The same standard should apply in Doe’s civil case, Halperin said in an interview with HuffPost. Forcing his client to be in the same room with her alleged assailant is "outrageous, it's crazy," he said. He filed a motion last week seeking a protective order to bar Roe from attending Doe's depositions. Roe's attorney insists he has a right to be there.
An expert witness in the case, Liza Gold, a psychiatry professor at Georgetown University Medical Center, testified in a letter that Doe suffers from PTSD "as a direct result of a brutal and prolonged sexual assault perpetrated upon her on or about August 24, 2012."
Gold added that "any arrangement that is not 100 percent foolproof in terms of Ms.

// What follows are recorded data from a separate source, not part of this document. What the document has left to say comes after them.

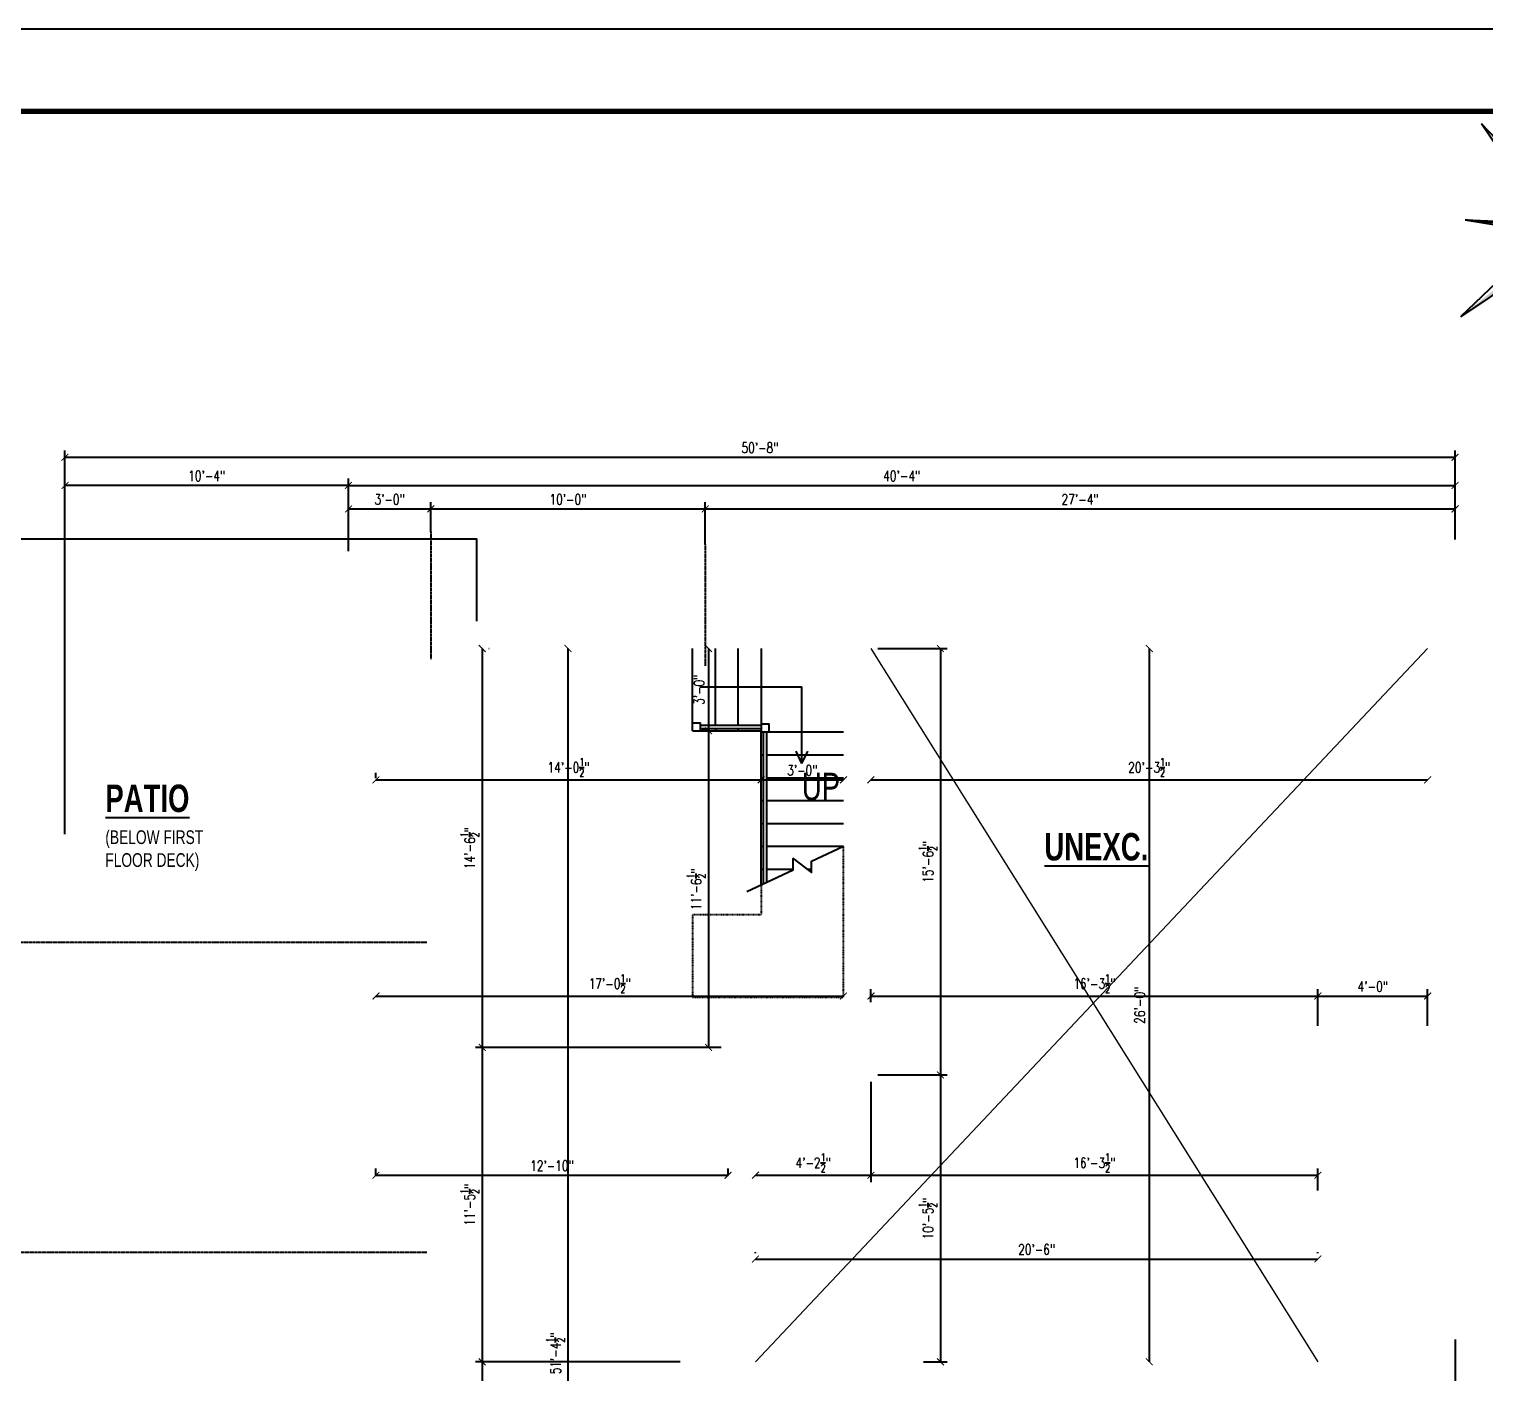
# Model space of a CAD drawing. Header units: inches. Extents: x 43 to 7578, y 1297 to 3809.
# Drawn here: x 4505 to 5141, y 3221 to 3809 of the extents above; entities that cross this region are included whole.
import ezdxf

# ---------------------------------------------------------------- set-up
doc = ezdxf.new("R2010")
doc.units = ezdxf.units.IN
doc.header["$LTSCALE"] = 0.5
doc.header["$MEASUREMENT"] = 0
doc.linetypes.add('CENTER2', pattern=[1.125, 0.75, -0.125, 0.125, -0.125])
doc.linetypes.add('HIDDEN2', pattern=[0.1875, 0.125, -0.0625])
doc.layers.add('A-Anno-Note', color=231, linetype='Continuous', lineweight=25)
doc.styles.add('Annotative', font='romans.shx', dxfattribs={"width": 0.75})
doc.styles.add('Arch-Dim', font='romans.shx', dxfattribs={"width": 0.75})
doc.dimstyles.new('Annotative', dxfattribs={"dimscale": 96, "dimtxt": 0.09375, "dimasz": 0.0625, "dimexe": 0.0625, "dimexo": 0.0625, "dimgap": 0.03125, "dimtad": 1, "dimdec": 4, "dimzin": 3, "dimdsep": 46, "dimlunit": 4, "dimtxsty": 'Arch-Dim', "dimblk": 'ARCHTICK', "dimcen": 0.09375, "dimazin": 2, "dimtfac": 0.75, "dimtdec": 4, "dimtix": 1, "dimtmove": 2, "dimatfit": 3, "dimfxl": 1, "dimtolj": 1, "dimtzin": 0, "dimarcsym": 0})

# ---------------------------------------------------------------- blocks, each defined once
blk = doc.blocks.new('_ArchTick')
at = {"color": 0, "linetype": 'ByBlock', "const_width": 0.15}
blk.add_lwpolyline([(-0.5, -0.5), (0.5, 0.5)], dxfattribs=at)
blk = doc.blocks.new('*D717')
at = {"color": 0, "lineweight": -2, "transparency": 16777216}
for p, q in [((4644.2, 3580.67), (4644.2, 3602.21)), ((4644.2, 3599.21), (4680.2, 3599.21)), ((4680.2, 3589.14), (4680.2, 3602.21))]:
    blk.add_line(p, q, dxfattribs=at)
at = {"layer": 'Defpoints', "color": 0, "transparency": 16777216}
for p in [(4680.2, 3599.21), (4680.2, 3586.14), (4644.2, 3577.67)]:
    blk.add_point(p, dxfattribs=at)
at = {"color": 0, "lineweight": -2, "transparency": 16777216, "xscale": 3, "yscale": 3, "zscale": 3, "rotation": 180}
blk.add_blockref('_ArchTick', (4644.2, 3599.21), dxfattribs=at)
at = {"color": 0, "lineweight": -2, "transparency": 16777216, "xscale": 3, "yscale": 3, "zscale": 3}
blk.add_blockref('_ArchTick', (4680.2, 3599.21), dxfattribs=at)
at = {"color": 0, "transparency": 16777216, "insert": (4662.2, 3603.39), "char_height": 4.5, "attachment_point": 5, "style": 'Arch-Dim'}
blk.add_mtext('\\A1;3\'-0"', dxfattribs=at)
blk = doc.blocks.new('*D718')
at = {"color": 0, "lineweight": -2, "transparency": 16777216}
for p, q in [((4680.2, 3589.14), (4680.2, 3602.21)), ((4680.2, 3599.21), (4800.2, 3599.21)), ((4800.2, 3583.59), (4800.2, 3602.21))]:
    blk.add_line(p, q, dxfattribs=at)
at = {"layer": 'Defpoints', "color": 0, "transparency": 16777216}
for p in [(4800.2, 3599.21), (4680.2, 3586.14), (4800.2, 3580.59)]:
    blk.add_point(p, dxfattribs=at)
at = {"color": 0, "lineweight": -2, "transparency": 16777216, "xscale": 3, "yscale": 3, "zscale": 3, "rotation": 180}
blk.add_blockref('_ArchTick', (4680.2, 3599.21), dxfattribs=at)
at = {"color": 0, "lineweight": -2, "transparency": 16777216, "xscale": 3, "yscale": 3, "zscale": 3}
blk.add_blockref('_ArchTick', (4800.2, 3599.21), dxfattribs=at)
at = {"color": 0, "transparency": 16777216, "insert": (4740.2, 3603.39), "char_height": 4.5, "attachment_point": 5, "style": 'Arch-Dim'}
blk.add_mtext('\\A1;10\'-0"', dxfattribs=at)
blk = doc.blocks.new('*D719')
at = {"color": 0, "lineweight": -2, "transparency": 16777216}
for p, q in [((4800.2, 3583.59), (4800.2, 3602.21)), ((4800.2, 3599.21), (5128.2, 3599.21)), ((5128.2, 3585.81), (5128.2, 3602.21))]:
    blk.add_line(p, q, dxfattribs=at)
at = {"layer": 'Defpoints', "color": 0, "transparency": 16777216}
for p in [(5128.2, 3599.21), (4800.2, 3580.59), (5128.2, 3582.81)]:
    blk.add_point(p, dxfattribs=at)
at = {"color": 0, "lineweight": -2, "transparency": 16777216, "xscale": 3, "yscale": 3, "zscale": 3, "rotation": 180}
blk.add_blockref('_ArchTick', (4800.2, 3599.21), dxfattribs=at)
at = {"color": 0, "lineweight": -2, "transparency": 16777216, "xscale": 3, "yscale": 3, "zscale": 3}
blk.add_blockref('_ArchTick', (5128.2, 3599.21), dxfattribs=at)
at = {"color": 0, "transparency": 16777216, "insert": (4964.2, 3603.39), "char_height": 4.5, "attachment_point": 5, "style": 'Arch-Dim'}
blk.add_mtext('\\A1;27\'-4"', dxfattribs=at)
blk = doc.blocks.new('*D720')
at = {"color": 0, "lineweight": -2, "transparency": 16777216}
for p, q in [((4644.2, 3580.67), (4644.2, 3612.48)), ((5128.2, 3585.81), (5128.2, 3612.48)), ((4644.2, 3609.48), (5128.2, 3609.48))]:
    blk.add_line(p, q, dxfattribs=at)
at = {"layer": 'Defpoints', "color": 0, "transparency": 16777216}
for p in [(5128.2, 3609.48), (5128.2, 3582.81), (4644.2, 3577.67)]:
    blk.add_point(p, dxfattribs=at)
at = {"color": 0, "lineweight": -2, "transparency": 16777216, "xscale": 3, "yscale": 3, "zscale": 3, "rotation": 180}
blk.add_blockref('_ArchTick', (4644.2, 3609.48), dxfattribs=at)
at = {"color": 0, "lineweight": -2, "transparency": 16777216, "xscale": 3, "yscale": 3, "zscale": 3}
blk.add_blockref('_ArchTick', (5128.2, 3609.48), dxfattribs=at)
at = {"color": 0, "transparency": 16777216, "insert": (4886.2, 3613.66), "char_height": 4.5, "attachment_point": 5, "style": 'Arch-Dim'}
blk.add_mtext('\\A1;40\'-4"', dxfattribs=at)
blk = doc.blocks.new('*D729')
at = {"color": 0, "lineweight": -2, "transparency": 16777216}
for p, q in [((5233.51, 3550.14), (5297.7, 3550.14)), ((5294.7, 3550.14), (5294.7, 2816.14)), ((4974.9, 2816.14), (5297.7, 2816.14))]:
    blk.add_line(p, q, dxfattribs=at)
at = {"layer": 'Defpoints', "color": 0, "transparency": 16777216}
for p in [(5230.51, 3550.14), (4971.9, 2816.14), (5294.7, 2816.14)]:
    blk.add_point(p, dxfattribs=at)
at = {"color": 0, "lineweight": -2, "transparency": 16777216, "xscale": 3, "yscale": 3, "zscale": 3}
for p, rotation in [((5294.7, 3550.14), 90), ((5294.7, 2816.14), 270)]:
    blk.add_blockref('_ArchTick', p, dxfattribs=dict(at, rotation=rotation))
at = {"color": 0, "transparency": 16777216, "insert": (5290.52, 3183.14), "char_height": 4.5, "attachment_point": 5, "rotation": 90, "style": 'Arch-Dim'}
blk.add_mtext('\\A1;61\'-2"', dxfattribs=at)
blk = doc.blocks.new('*D737')
at = {"color": 0, "lineweight": -2, "transparency": 16777216}
for p, q in [((5128.2, 3235.87), (5128.2, 2796.51)), ((5080.2, 3073.85), (5080.2, 2796.51)), ((5080.2, 2799.51), (5128.2, 2799.51))]:
    blk.add_line(p, q, dxfattribs=at)
at = {"layer": 'Defpoints', "color": 0, "transparency": 16777216}
for p in [(5128.2, 3238.87), (5080.2, 3076.85), (5128.2, 2799.51)]:
    blk.add_point(p, dxfattribs=at)
at = {"color": 0, "lineweight": -2, "transparency": 16777216, "xscale": 3, "yscale": 3, "zscale": 3, "rotation": 180}
blk.add_blockref('_ArchTick', (5080.2, 2799.51), dxfattribs=at)
at = {"color": 0, "lineweight": -2, "transparency": 16777216, "xscale": 3, "yscale": 3, "zscale": 3}
blk.add_blockref('_ArchTick', (5128.2, 2799.51), dxfattribs=at)
at = {"color": 0, "transparency": 16777216, "insert": (5104.2, 2803.69), "char_height": 4.5, "attachment_point": 5, "style": 'Arch-Dim'}
blk.add_mtext('\\A1;4\'-0"', dxfattribs=at)
blk = doc.blocks.new('*D738')
at = {"color": 0, "lineweight": -2, "transparency": 16777216}
for p, q in [((5128.2, 3235.87), (5128.2, 2782.83)), ((4520.2, 2937.12), (4520.2, 2782.83)), ((4520.2, 2785.83), (5128.2, 2785.83))]:
    blk.add_line(p, q, dxfattribs=at)
at = {"layer": 'Defpoints', "color": 0, "transparency": 16777216}
for p in [(5128.2, 3238.87), (4520.2, 2940.12), (5128.2, 2785.83)]:
    blk.add_point(p, dxfattribs=at)
at = {"color": 0, "lineweight": -2, "transparency": 16777216, "xscale": 3, "yscale": 3, "zscale": 3, "rotation": 180}
blk.add_blockref('_ArchTick', (4520.2, 2785.83), dxfattribs=at)
at = {"color": 0, "lineweight": -2, "transparency": 16777216, "xscale": 3, "yscale": 3, "zscale": 3}
blk.add_blockref('_ArchTick', (5128.2, 2785.83), dxfattribs=at)
at = {"color": 0, "transparency": 16777216, "insert": (4824.2, 2790.01), "char_height": 4.5, "attachment_point": 5, "style": 'Arch-Dim'}
blk.add_mtext('\\A1;50\'-8"', dxfattribs=at)
blk = doc.blocks.new('*D748')
at = {"color": 0, "lineweight": -2, "transparency": 16777216}
for p, q in [((4656.2, 3481.48), (4656.2, 3483.72)), ((4824.7, 3481.48), (4824.7, 3483.72)), ((4656.2, 3480.72), (4824.7, 3480.72))]:
    blk.add_line(p, q, dxfattribs=at)
at = {"layer": 'Defpoints', "color": 0, "transparency": 16777216}
for p in [(4656.2, 3478.48), (4824.7, 3480.72), (4824.7, 3478.48)]:
    blk.add_point(p, dxfattribs=at)
at = {"color": 0, "lineweight": -2, "transparency": 16777216, "xscale": 3, "yscale": 3, "zscale": 3, "rotation": 180}
blk.add_blockref('_ArchTick', (4656.2, 3480.72), dxfattribs=at)
at = {"color": 0, "lineweight": -2, "transparency": 16777216, "xscale": 3, "yscale": 3, "zscale": 3}
blk.add_blockref('_ArchTick', (4824.7, 3480.72), dxfattribs=at)
at = {"color": 0, "transparency": 16777216, "insert": (4740.45, 3486.15), "char_height": 4.5, "attachment_point": 5, "style": 'Arch-Dim'}
blk.add_mtext('\\A1;14\'-0{\\H0.750000x;\\S1/2;}"', dxfattribs=at)
blk = doc.blocks.new('*D749')
at = {"color": 0, "lineweight": -2, "transparency": 16777216}
for p, q in [((4824.7, 3481.48), (4824.7, 3483.72)), ((4824.7, 3480.72), (4860.7, 3480.72))]:
    blk.add_line(p, q, dxfattribs=at)
at = {"layer": 'Defpoints', "color": 0, "transparency": 16777216}
for p in [(4824.7, 3478.48), (4860.7, 3480.72), (4860.7, 3480.72)]:
    blk.add_point(p, dxfattribs=at)
at = {"color": 0, "lineweight": -2, "transparency": 16777216, "xscale": 3, "yscale": 3, "zscale": 3, "rotation": 180}
blk.add_blockref('_ArchTick', (4824.7, 3480.72), dxfattribs=at)
at = {"color": 0, "lineweight": -2, "transparency": 16777216, "xscale": 3, "yscale": 3, "zscale": 3}
blk.add_blockref('_ArchTick', (4860.7, 3480.72), dxfattribs=at)
at = {"color": 0, "transparency": 16777216, "insert": (4842.7, 3484.89), "char_height": 4.5, "attachment_point": 5, "style": 'Arch-Dim'}
blk.add_mtext('\\A1;3\'-0"', dxfattribs=at)
blk = doc.blocks.new('*D750')
at = {"color": 0, "lineweight": -2, "transparency": 16777216}
blk.add_line((4872.7, 3480.72), (5116.2, 3480.72), dxfattribs=at)
at = {"layer": 'Defpoints', "color": 0, "transparency": 16777216}
for p in [(4872.7, 3480.72), (5116.2, 3480.72), (5116.2, 3480.72)]:
    blk.add_point(p, dxfattribs=at)
at = {"color": 0, "lineweight": -2, "transparency": 16777216, "xscale": 3, "yscale": 3, "zscale": 3, "rotation": 180}
blk.add_blockref('_ArchTick', (4872.7, 3480.72), dxfattribs=at)
at = {"color": 0, "lineweight": -2, "transparency": 16777216, "xscale": 3, "yscale": 3, "zscale": 3}
blk.add_blockref('_ArchTick', (5116.2, 3480.72), dxfattribs=at)
at = {"color": 0, "transparency": 16777216, "insert": (4994.45, 3486.15), "char_height": 4.5, "attachment_point": 5, "style": 'Arch-Dim'}
blk.add_mtext('\\A1;20\'-3{\\H0.750000x;\\S1/2;}"', dxfattribs=at)
blk = doc.blocks.new('*D751')
at = {"color": 0, "lineweight": -2, "transparency": 16777216}
blk.add_line((4656.2, 3386.14), (4860.7, 3386.14), dxfattribs=at)
at = {"layer": 'Defpoints', "color": 0, "transparency": 16777216}
for p in [(4656.2, 3386.14), (4860.7, 3386.14), (4860.7, 3386.14)]:
    blk.add_point(p, dxfattribs=at)
at = {"color": 0, "lineweight": -2, "transparency": 16777216, "xscale": 3, "yscale": 3, "zscale": 3, "rotation": 180}
blk.add_blockref('_ArchTick', (4656.2, 3386.14), dxfattribs=at)
at = {"color": 0, "lineweight": -2, "transparency": 16777216, "xscale": 3, "yscale": 3, "zscale": 3}
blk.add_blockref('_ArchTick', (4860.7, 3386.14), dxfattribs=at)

Doe having to see, hear, or 'bump into' the perpetrator of her sexual assault would frankly be inhumane."
The judge has not yet ruled whether the alleged rapist can attend Doe’s deposition. But Rudovsky said a defendant is entitled to a full discovery in a civil suit, and typically cannot be blocked from attending a deposition.
"If his defense is consent, he's entitled to establish the facts that show that," Rudovsky said.